Entry from the 26th – On The Train

Is there a story to tell? For so long E.L. was part of my life. It just occurred to me that I brought him up that one time when I was listening to some of the music he recommended to me. And I brought it up to M.T. and he said it didn’t seem like something I would listen to, which is really dead on.

Oh, I’m feeling rather reminiscent. It’s this novel. Not good, really. Not at all. And I’m just thinking way too much.

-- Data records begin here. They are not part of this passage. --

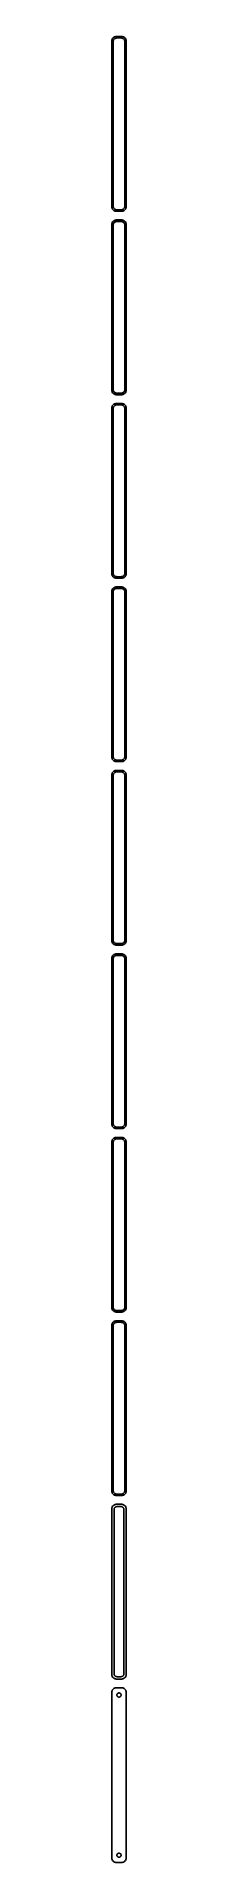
# Model space of a CAD drawing. Header units: metres. Extents: x -8 to 8, y 1800 to 3681.
import ezdxf

# ---------------------------------------------------------------- set-up
doc = ezdxf.new("R2010")
doc.units = ezdxf.units.M

msp = doc.modelspace()

# ---------------------------------------------------------------- linework, layer by layer
for p, q in [((-7.46057, 3676.63), (-7.5, 3676)), ((-7.5, 3676), (-7.5, 3506)), ((-7.34291, 3677.24), (-7.46057, 3676.63)), ((-7.14888, 3677.84), (-7.34291, 3677.24)), ((-6.88153, 3678.41), (-7.14888, 3677.84)), ((-6.54507, 3678.94), (-6.88153, 3678.41)), ((-6.14484, 3679.42), (-6.54507, 3678.94)), ((-5.68712, 3679.85), (-6.14484, 3679.42)), ((-6, 3675.5), (-5.96844, 3676)), ((-6, 3506.5), (-6, 3675.5)), ((-5.96844, 3676), (-5.87433, 3676.49)), ((-5.87433, 3676.49), (-5.7191, 3676.97)), ((-5.7191, 3676.97), (-5.50522, 3677.43)), ((-5.17912, 3680.22), (-5.68712, 3679.85)), ((-5.50522, 3677.43), (-5.23605, 3677.85)), ((-5.23605, 3677.85), (-4.91586, 3678.24)), ((-4.62889, 3680.52), (-5.17912, 3680.22)), ((-4.91586, 3678.24), (-4.54968, 3678.58)), ((-4.04507, 3680.76), (-4.62889, 3680.52)), ((-4.54968, 3678.58), (-4.1433, 3678.88)), ((-4.1433, 3678.88), (-3.70311, 3679.12)), ((-3.4369, 3680.91), (-4.04507, 3680.76)), ((-3.70311, 3679.12), (-3.23605, 3679.3)), ((-2.81395, 3680.99), (-3.4369, 3680.91)), ((-3.23605, 3679.3), (-2.74951, 3679.43)), ((2.81395, 3680.99), (-2.81395, 3680.99)), ((-2.74951, 3679.43), (-2.25116, 3679.49)), ((-2.25116, 3679.49), (2.25116, 3679.49)), ((2.25116, 3679.49), (2.74951, 3679.43)), ((2.74951, 3679.43), (3.23605, 3679.3)), ((3.4369, 3680.91), (2.81395, 3680.99)), ((3.23605, 3679.3), (3.70311, 3679.12)), ((4.04507, 3680.76), (3.4369, 3680.91)), ((3.70311, 3679.12), (4.1433, 3678.88)), ((4.62889, 3680.52), (4.04507, 3680.76)), ((4.1433, 3678.88), (4.54968, 3678.58)), ((4.54968, 3678.58), (4.91586, 3678.24)), ((5.17912, 3680.22), (4.62889, 3680.52)), ((4.91586, 3678.24), (5.23605, 3677.85)), ((5.68712, 3679.85), (5.17912, 3680.22)), ((5.23605, 3677.85), (5.50522, 3677.43)), ((5.50522, 3677.43), (5.7191, 3676.97)), ((6.14484, 3679.42), (5.68712, 3679.85)), ((5.7191, 3676.97), (5.87433, 3676.49)), ((5.87433, 3676.49), (5.96844, 3676)), ((5.96844, 3676), (6, 3675.5)), ((6, 3675.5), (6, 3506.5)), ((6.54507, 3678.94), (6.14484, 3679.42)), ((6.88153, 3678.41), (6.54507, 3678.94)), ((7.14888, 3677.84), (6.88153, 3678.41)), ((7.34291, 3677.24), (7.14888, 3677.84)), ((7.46057, 3676.63), (7.34291, 3677.24)), ((7.5, 3676), (7.46057, 3676.63)), ((7.5, 3506), (7.5, 3676)), ((-7.5, 3506), (-7.46057, 3505.37)), ((-7.46057, 3505.37), (-7.34291, 3504.76)), ((-7.34291, 3504.76), (-7.14888, 3504.16)), ((-7.14888, 3504.16), (-6.88153, 3503.59)), ((-6.88153, 3503.59), (-6.54507, 3503.06)), ((-6.54507, 3503.06), (-6.14484, 3502.58)), ((-6.14484, 3502.58), (-5.68712, 3502.15)), ((-5.96844, 3506), (-6, 3506.5)), ((-5.87433, 3505.51), (-5.96844, 3506)), ((-5.7191, 3505.03), (-5.87433, 3505.51)), ((-5.50522, 3504.57), (-5.7191, 3505.03)), ((-5.68712, 3502.15), (-5.17912, 3501.78)), ((-5.23605, 3504.15), (-5.50522, 3504.57)), ((-4.91586, 3503.76), (-5.23605, 3504.15)), ((-5.17912, 3501.78), (-4.62889, 3501.48)), ((-4.54968, 3503.42), (-4.91586, 3503.76)), ((-4.62889, 3501.48), (-4.04507, 3501.24)), ((-4.1433, 3503.12), (-4.54968, 3503.42)), ((-3.70311, 3502.88), (-4.1433, 3503.12)), ((-4.04507, 3501.24), (-3.4369, 3501.09)), ((-3.23605, 3502.7), (-3.70311, 3502.88)), ((-3.4369, 3501.09), (-2.81395, 3501.01)), ((-2.74951, 3502.57), (-3.23605, 3502.7)), ((-2.81395, 3501.01), (2.81395, 3501.01)), ((-2.25116, 3502.51), (-2.74951, 3502.57)), ((2.25116, 3502.51), (-2.25116, 3502.51)), ((2.74951, 3502.57), (2.25116, 3502.51)), ((3.23605, 3502.7), (2.74951, 3502.57)), ((2.81395, 3501.01), (3.4369, 3501.09)), ((3.70311, 3502.88), (3.23605, 3502.7)), ((3.4369, 3501.09), (4.04507, 3501.24)), ((4.1433, 3503.12), (3.70311, 3502.88)), ((4.04507, 3501.24), (4.62889, 3501.48)), ((4.54968, 3503.42), (4.1433, 3503.12)), ((4.91586, 3503.76), (4.54968, 3503.42)), ((4.62889, 3501.48), (5.17912, 3501.78)), ((5.23605, 3504.15), (4.91586, 3503.76)), ((5.17912, 3501.78), (5.68712, 3502.15)), ((5.50522, 3504.57), (5.23605, 3504.15)), ((5.7191, 3505.03), (5.50522, 3504.57)), ((5.68712, 3502.15), (6.14484, 3502.58)), ((5.87433, 3505.51), (5.7191, 3505.03)), ((5.96844, 3506), (5.87433, 3505.51)), ((6, 3506.5), (5.96844, 3506)), ((6.14484, 3502.58), (6.54507, 3503.06)), ((6.54507, 3503.06), (6.88153, 3503.59)), ((6.88153, 3503.59), (7.14888, 3504.16)), ((7.14888, 3504.16), (7.34291, 3504.76)), ((7.34291, 3504.76), (7.46057, 3505.37)), ((7.46057, 3505.37), (7.5, 3506)), ((-7.46057, 3487.63), (-7.5, 3487)), ((-7.5, 3487), (-7.5, 3317)), ((-7.34291, 3488.24), (-7.46057, 3487.63)), ((-7.14888, 3488.84), (-7.34291, 3488.24)), ((-6.88153, 3489.41), (-7.14888, 3488.84)), ((-6.54507, 3489.94), (-6.88153, 3489.41)), ((-6.14484, 3490.42), (-6.54507, 3489.94)), ((-5.68712, 3490.85), (-6.14484, 3490.42)), ((-6, 3486.5), (-5.96844, 3487)), ((-6, 3317.5), (-6, 3486.5)), ((-5.96844, 3487), (-5.87433, 3487.49)), ((-5.87433, 3487.49), (-5.7191, 3487.97)), ((-5.7191, 3487.97), (-5.50522, 3488.43)), ((-5.17912, 3491.22), (-5.68712, 3490.85)), ((-5.50522, 3488.43), (-5.23605, 3488.85)), ((-5.23605, 3488.85), (-4.91586, 3489.24)), ((-4.62889, 3491.52), (-5.17912, 3491.22)), ((-4.91586, 3489.24), (-4.54968, 3489.58)), ((-4.04507, 3491.76), (-4.62889, 3491.52)), ((-4.54968, 3489.58), (-4.1433, 3489.88)), ((-4.1433, 3489.88), (-3.70311, 3490.12)), ((-3.4369, 3491.91), (-4.04507, 3491.76)), ((-3.70311, 3490.12), (-3.23605, 3490.3)), ((-2.81395, 3491.99), (-3.4369, 3491.91)), ((-3.23605, 3490.3), (-2.74951, 3490.43)), ((2.81395, 3491.99), (-2.81395, 3491.99)), ((-2.74951, 3490.43), (-2.25116, 3490.49)), ((-2.25116, 3490.49), (2.25116, 3490.49)), ((2.25116, 3490.49), (2.74951, 3490.43)), ((2.74951, 3490.43), (3.23605, 3490.3)), ((3.4369, 3491.91), (2.81395, 3491.99)), ((3.23605, 3490.3), (3.70311, 3490.12)), ((4.04507, 3491.76), (3.4369, 3491.91)), ((3.70311, 3490.12), (4.1433, 3489.88)), ((4.62889, 3491.52), (4.04507, 3491.76)), ((4.1433, 3489.88), (4.54968, 3489.58)), ((4.54968, 3489.58), (4.91586, 3489.24)), ((5.17912, 3491.22), (4.62889, 3491.52)), ((4.91586, 3489.24), (5.23605, 3488.85)), ((5.68712, 3490.85), (5.17912, 3491.22)), ((5.23605, 3488.85), (5.50522, 3488.43)), ((5.50522, 3488.43), (5.7191, 3487.97)), ((6.14484, 3490.42), (5.68712, 3490.85)), ((5.7191, 3487.97), (5.87433, 3487.49)), ((5.87433, 3487.49), (5.96844, 3487)), ((5.96844, 3487), (6, 3486.5)), ((6, 3486.5), (6, 3317.5)), ((6.54507, 3489.94), (6.14484, 3490.42)), ((6.88153, 3489.41), (6.54507, 3489.94)), ((7.14888, 3488.84), (6.88153, 3489.41)), ((7.34291, 3488.24), (7.14888, 3488.84)), ((7.46057, 3487.63), (7.34291, 3488.24)), ((7.5, 3487), (7.46057, 3487.63)), ((7.5, 3317), (7.5, 3487)), ((-7.5, 3317), (-7.46057, 3316.37)), ((-7.46057, 3316.37), (-7.34291, 3315.76)), ((-7.34291, 3315.76), (-7.14888, 3315.16)), ((-7.14888, 3315.16), (-6.88153, 3314.59)), ((-6.88153, 3314.59), (-6.54507, 3314.06)), ((-6.54507, 3314.06), (-6.14484, 3313.58)), ((-6.14484, 3313.58), (-5.68712, 3313.15)), ((-5.96844, 3317), (-6, 3317.5)), ((-5.87433, 3316.51), (-5.96844, 3317)), ((-5.7191, 3316.03), (-5.87433, 3316.51)), ((-5.50522, 3315.57), (-5.7191, 3316.03)), ((-5.68712, 3313.15), (-5.17912, 3312.78)), ((-5.23605, 3315.15), (-5.50522, 3315.57)), ((-4.91586, 3314.76), (-5.23605, 3315.15)), ((-5.17912, 3312.78), (-4.62889, 3312.48)), ((-4.54968, 3314.42), (-4.91586, 3314.76)), ((-4.62889, 3312.48), (-4.04507, 3312.24)), ((-4.1433, 3314.12), (-4.54968, 3314.42)), ((-3.70311, 3313.88), (-4.1433, 3314.12)), ((-4.04507, 3312.24), (-3.4369, 3312.09)), ((-3.23605, 3313.7), (-3.70311, 3313.88)), ((-3.4369, 3312.09), (-2.81395, 3312.01)), ((-2.74951, 3313.57), (-3.23605, 3313.7)), ((-2.81395, 3312.01), (2.81395, 3312.01)), ((-2.25116, 3313.51), (-2.74951, 3313.57)), ((2.25116, 3313.51), (-2.25116, 3313.51)), ((2.74951, 3313.57), (2.25116, 3313.51)), ((3.23605, 3313.7), (2.74951, 3313.57)), ((2.81395, 3312.01), (3.4369, 3312.09)), ((3.70311, 3313.88), (3.23605, 3313.7)), ((3.4369, 3312.09), (4.04507, 3312.24)), ((4.1433, 3314.12), (3.70311, 3313.88)), ((4.04507, 3312.24), (4.62889, 3312.48)), ((4.54968, 3314.42), (4.1433, 3314.12)), ((4.91586, 3314.76), (4.54968, 3314.42)), ((4.62889, 3312.48), (5.17912, 3312.78)), ((5.23605, 3315.15), (4.91586, 3314.76)), ((5.17912, 3312.78), (5.68712, 3313.15)), ((5.50522, 3315.57), (5.23605, 3315.15)), ((5.7191, 3316.03), (5.50522, 3315.57)), ((5.68712, 3313.15), (6.14484, 3313.58)), ((5.87433, 3316.51), (5.7191, 3316.03)), ((5.96844, 3317), (5.87433, 3316.51)), ((6, 3317.5), (5.96844, 3317)), ((6.14484, 3313.58), (6.54507, 3314.06)), ((6.54507, 3314.06), (6.88153, 3314.59)), ((6.88153, 3314.59), (7.14888, 3315.16)), ((7.14888, 3315.16), (7.34291, 3315.76)), ((7.34291, 3315.76), (7.46057, 3316.37)), ((7.46057, 3316.37), (7.5, 3317)), ((-7.46057, 3298.63), (-7.5, 3298)), ((-7.5, 3298), (-7.5, 3128)), ((-7.34291, 3299.24), (-7.46057, 3298.63)), ((-7.14888, 3299.84), (-7.34291, 3299.24)), ((-6.88153, 3300.41), (-7.14888, 3299.84)), ((-6.54507, 3300.94), (-6.88153, 3300.41)), ((-6.14484, 3301.42), (-6.54507, 3300.94)), ((-5.68712, 3301.85), (-6.14484, 3301.42)), ((-6, 3297.5), (-5.96844, 3298)), ((-6, 3128.5), (-6, 3297.5)), ((-5.96844, 3298), (-5.87433, 3298.49)), ((-5.87433, 3298.49), (-5.7191, 3298.97)), ((-5.7191, 3298.97), (-5.50522, 3299.43)), ((-5.17912, 3302.22), (-5.68712, 3301.85)), ((-5.50522, 3299.43), (-5.23605, 3299.85)), ((-5.23605, 3299.85), (-4.91586, 3300.24)), ((-4.62889, 3302.52), (-5.17912, 3302.22)), ((-4.91586, 3300.24), (-4.54968, 3300.58)), ((-4.04507, 3302.76), (-4.62889, 3302.52)), ((-4.54968, 3300.58), (-4.1433, 3300.88)), ((-4.1433, 3300.88), (-3.70311, 3301.12)), ((-3.4369, 3302.91), (-4.04507, 3302.76)), ((-3.70311, 3301.12), (-3.23605, 3301.3)), ((-2.81395, 3302.99), (-3.4369, 3302.91)), ((-3.23605, 3301.3), (-2.74951, 3301.43)), ((2.81395, 3302.99), (-2.81395, 3302.99)), ((-2.74951, 3301.43), (-2.25116, 3301.49)), ((-2.25116, 3301.49), (2.25116, 3301.49)), ((2.25116, 3301.49), (2.74951, 3301.43)), ((2.74951, 3301.43), (3.23605, 3301.3)), ((3.4369, 3302.91), (2.81395, 3302.99)), ((3.23605, 3301.3), (3.70311, 3301.12)), ((4.04507, 3302.76), (3.4369, 3302.91)), ((3.70311, 3301.12), (4.1433, 3300.88)), ((4.62889, 3302.52), (4.04507, 3302.76)), ((4.1433, 3300.88), (4.54968, 3300.58)), ((4.54968, 3300.58), (4.91586, 3300.24)), ((5.17912, 3302.22), (4.62889, 3302.52)), ((4.91586, 3300.24), (5.23605, 3299.85)), ((5.68712, 3301.85), (5.17912, 3302.22)), ((5.23605, 3299.85), (5.50522, 3299.43)), ((5.50522, 3299.43), (5.7191, 3298.97)), ((6.14484, 3301.42), (5.68712, 3301.85)), ((5.7191, 3298.97), (5.87433, 3298.49)), ((5.87433, 3298.49), (5.96844, 3298)), ((5.96844, 3298), (6, 3297.5)), ((6, 3297.5), (6, 3128.5)), ((6.54507, 3300.94), (6.14484, 3301.42)), ((6.88153, 3300.41), (6.54507, 3300.94)), ((7.14888, 3299.84), (6.88153, 3300.41)), ((7.34291, 3299.24), (7.14888, 3299.84)), ((7.46057, 3298.63), (7.34291, 3299.24)), ((7.5, 3298), (7.46057, 3298.63)), ((7.5, 3128), (7.5, 3298)), ((-7.5, 3128), (-7.46057, 3127.37)), ((-7.46057, 3127.37), (-7.34291, 3126.76)), ((-7.34291, 3126.76), (-7.14888, 3126.16)), ((-7.14888, 3126.16), (-6.88153, 3125.59)), ((-6.88153, 3125.59), (-6.54507, 3125.06)), ((-6.54507, 3125.06), (-6.14484, 3124.58)), ((-6.14484, 3124.58), (-5.68712, 3124.15)), ((-5.96844, 3128), (-6, 3128.5)), ((-5.87433, 3127.51), (-5.96844, 3128)), ((-5.7191, 3127.03), (-5.87433, 3127.51)), ((-5.50522, 3126.57), (-5.7191, 3127.03)), ((-5.68712, 3124.15), (-5.17912, 3123.78)), ((-5.23605, 3126.15), (-5.50522, 3126.57)), ((-4.91586, 3125.76), (-5.23605, 3126.15)), ((-5.17912, 3123.78), (-4.62889, 3123.48)), ((-4.54968, 3125.42), (-4.91586, 3125.76)), ((-4.62889, 3123.48), (-4.04507, 3123.24)), ((-4.1433, 3125.12), (-4.54968, 3125.42)), ((-3.70311, 3124.88), (-4.1433, 3125.12)), ((-4.04507, 3123.24), (-3.4369, 3123.09)), ((-3.23605, 3124.7), (-3.70311, 3124.88)), ((-3.4369, 3123.09), (-2.81395, 3123.01)), ((-2.74951, 3124.57), (-3.23605, 3124.7)), ((-2.81395, 3123.01), (2.81395, 3123.01)), ((-2.25116, 3124.51), (-2.74951, 3124.57)), ((2.25116, 3124.51), (-2.25116, 3124.51)), ((2.74951, 3124.57), (2.25116, 3124.51)), ((3.23605, 3124.7), (2.74951, 3124.57)), ((2.81395, 3123.01), (3.4369, 3123.09)), ((3.70311, 3124.88), (3.23605, 3124.7)), ((3.4369, 3123.09), (4.04507, 3123.24)), ((4.1433, 3125.12), (3.70311, 3124.88)), ((4.04507, 3123.24), (4.62889, 3123.48)), ((4.54968, 3125.42), (4.1433, 3125.12)), ((4.91586, 3125.76), (4.54968, 3125.42)), ((4.62889, 3123.48), (5.17912, 3123.78)), ((5.23605, 3126.15), (4.91586, 3125.76)), ((5.17912, 3123.78), (5.68712, 3124.15)), ((5.50522, 3126.57), (5.23605, 3126.15)), ((5.7191, 3127.03), (5.50522, 3126.57)), ((5.68712, 3124.15), (6.14484, 3124.58)), ((5.87433, 3127.51), (5.7191, 3127.03)), ((5.96844, 3128), (5.87433, 3127.51)), ((6, 3128.5), (5.96844, 3128)), ((6.14484, 3124.58), (6.54507, 3125.06)), ((6.54507, 3125.06), (6.88153, 3125.59)), ((6.88153, 3125.59), (7.14888, 3126.16)), ((7.14888, 3126.16), (7.34291, 3126.76)), ((7.34291, 3126.76), (7.46057, 3127.37)), ((7.46057, 3127.37), (7.5, 3128)), ((-7.46057, 3109.63), (-7.5, 3109)), ((-7.5, 3109), (-7.5, 2939)), ((-7.34291, 3110.24), (-7.46057, 3109.63)), ((-7.14888, 3110.84), (-7.34291, 3110.24)), ((-6.88153, 3111.41), (-7.14888, 3110.84)), ((-6.54507, 3111.94), (-6.88153, 3111.41)), ((-6.14484, 3112.42), (-6.54507, 3111.94)), ((-5.68712, 3112.85), (-6.14484, 3112.42)), ((-6, 3108.5), (-5.96844, 3109)), ((-6, 2939.5), (-6, 3108.5)), ((-5.96844, 3109), (-5.87433, 3109.49)), ((-5.87433, 3109.49), (-5.7191, 3109.97)), ((-5.7191, 3109.97), (-5.50522, 3110.43)), ((-5.17912, 3113.22), (-5.68712, 3112.85)), ((-5.50522, 3110.43), (-5.23605, 3110.85)), ((-5.23605, 3110.85), (-4.91586, 3111.24)), ((-4.62889, 3113.52), (-5.17912, 3113.22)), ((-4.91586, 3111.24), (-4.54968, 3111.58)), ((-4.04507, 3113.76), (-4.62889, 3113.52)), ((-4.54968, 3111.58), (-4.1433, 3111.88)), ((-4.1433, 3111.88), (-3.70311, 3112.12)), ((-3.4369, 3113.91), (-4.04507, 3113.76)), ((-3.70311, 3112.12), (-3.23605, 3112.3)), ((-2.81395, 3113.99), (-3.4369, 3113.91)), ((-3.23605, 3112.3), (-2.74951, 3112.43)), ((2.81395, 3113.99), (-2.81395, 3113.99)), ((-2.74951, 3112.43), (-2.25116, 3112.49)), ((-2.25116, 3112.49), (2.25116, 3112.49)), ((2.25116, 3112.49), (2.74951, 3112.43)), ((2.74951, 3112.43), (3.23605, 3112.3)), ((3.4369, 3113.91), (2.81395, 3113.99)), ((3.23605, 3112.3), (3.70311, 3112.12)), ((4.04507, 3113.76), (3.4369, 3113.91)), ((3.70311, 3112.12), (4.1433, 3111.88)), ((4.62889, 3113.52), (4.04507, 3113.76)), ((4.1433, 3111.88), (4.54968, 3111.58)), ((4.54968, 3111.58), (4.91586, 3111.24)), ((5.17912, 3113.22), (4.62889, 3113.52)), ((4.91586, 3111.24), (5.23605, 3110.85)), ((5.68712, 3112.85), (5.17912, 3113.22)), ((5.23605, 3110.85), (5.50522, 3110.43)), ((5.50522, 3110.43), (5.7191, 3109.97)), ((6.14484, 3112.42), (5.68712, 3112.85)), ((5.7191, 3109.97), (5.87433, 3109.49)), ((5.87433, 3109.49), (5.96844, 3109)), ((5.96844, 3109), (6, 3108.5)), ((6, 3108.5), (6, 2939.5)), ((6.54507, 3111.94), (6.14484, 3112.42)), ((6.88153, 3111.41), (6.54507, 3111.94)), ((7.14888, 3110.84), (6.88153, 3111.41)), ((7.34291, 3110.24), (7.14888, 3110.84)), ((7.46057, 3109.63), (7.34291, 3110.24)), ((7.5, 3109), (7.46057, 3109.63)), ((7.5, 2939), (7.5, 3109)), ((-7.5, 2939), (-7.46057, 2938.37)), ((-7.46057, 2938.37), (-7.34291, 2937.76)), ((-7.34291, 2937.76), (-7.14888, 2937.16)), ((-7.14888, 2937.16), (-6.88153, 2936.59)), ((-6.88153, 2936.59), (-6.54507, 2936.06)), ((-6.54507, 2936.06), (-6.14484, 2935.58)), ((-6.14484, 2935.58), (-5.68712, 2935.15)), ((-5.96844, 2939), (-6, 2939.5)), ((-5.87433, 2938.51), (-5.96844, 2939)), ((-5.7191, 2938.03), (-5.87433, 2938.51)), ((-5.50522, 2937.57), (-5.7191, 2938.03)), ((-5.68712, 2935.15), (-5.17912, 2934.78)), ((-5.23605, 2937.15), (-5.50522, 2937.57)), ((-4.91586, 2936.76), (-5.23605, 2937.15)), ((-5.17912, 2934.78), (-4.62889, 2934.48)), ((-4.54968, 2936.42), (-4.91586, 2936.76)), ((-4.62889, 2934.48), (-4.04507, 2934.24)), ((-4.1433, 2936.12), (-4.54968, 2936.42)), ((-3.70311, 2935.88), (-4.1433, 2936.12)), ((-3.23605, 2935.7), (-3.70311, 2935.88)), ((-2.74951, 2935.57), (-3.23605, 2935.7)), ((-2.25116, 2935.51), (-2.74951, 2935.57)), ((2.25116, 2935.51), (-2.25116, 2935.51)), ((2.74951, 2935.57), (2.25116, 2935.51)), ((3.23605, 2935.7), (2.74951, 2935.57)), ((3.70311, 2935.88), (3.23605, 2935.7)), ((4.1433, 2936.12), (3.70311, 2935.88)), ((4.04507, 2934.24), (4.62889, 2934.48)), ((4.54968, 2936.42), (4.1433, 2936.12)), ((4.91586, 2936.76), (4.54968, 2936.42)), ((4.62889, 2934.48), (5.17912, 2934.78)), ((5.23605, 2937.15), (4.91586, 2936.76)), ((5.17912, 2934.78), (5.68712, 2935.15)), ((5.50522, 2937.57), (5.23605, 2937.15)), ((5.7191, 2938.03), (5.50522, 2937.57)), ((5.68712, 2935.15), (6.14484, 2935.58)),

I feel strangely adultish with this purse and this attire and the way I’m sitting. Everything about it yells ‘grown person’ … I hate to use the word woman. There’s something about the connotations/expections of the word that keep me from seeing myself as one. My lips are trembling, and tears are forming in my eyes. Why does this happen to me always and only in public? There’s a sadder quality about being out and about than in the comforts of your home that makes those tears just so much more willing to fall.

It seems as though he’s trying to tell me he doesn’t want to be my friend anymore and I’m just not getting it. And I don’t know if I’m being paranoid or if it’s the truth. And I’m starting to dislike who I become when I’m with him and usually that’s the only reason I “like” anyone: because of who I become when I’m with them. A selfish reason, yes, but one nonetheless.

There is some sadness too deep to express even in words. I wish I showed my sadness through my eyes, and the whole world knew there is something underneath worth exploring. I want to change. I want to be someone else. A less helpless-looking version of myself.

I can’t believe my aunts asked me if I’m still taking my medication. My ‘behavior’ was pretty perfect this entire weekend and they thought I’m just “getting better” because of the pills. But I told them I haven’t been taking them for months, which is entirely true.

Right now I feel like walking in front of a moving bus, just to die. Why does my depression get this bad? What’s bothering me? Thoughts come a mile a minute and it makes sense for me to be depressed, but then the moment you ask me, I just don’t know. I don’t know at all.

I feel so lost.

1. trying to suggest things we can do so we can talk again. Fail.

2. people see me as some super serious super-goody-two shoes. mark. jonathan. that’s not who I am. I can be serious, but I can also be really silly and fun. It hurts to think people just don’t know me.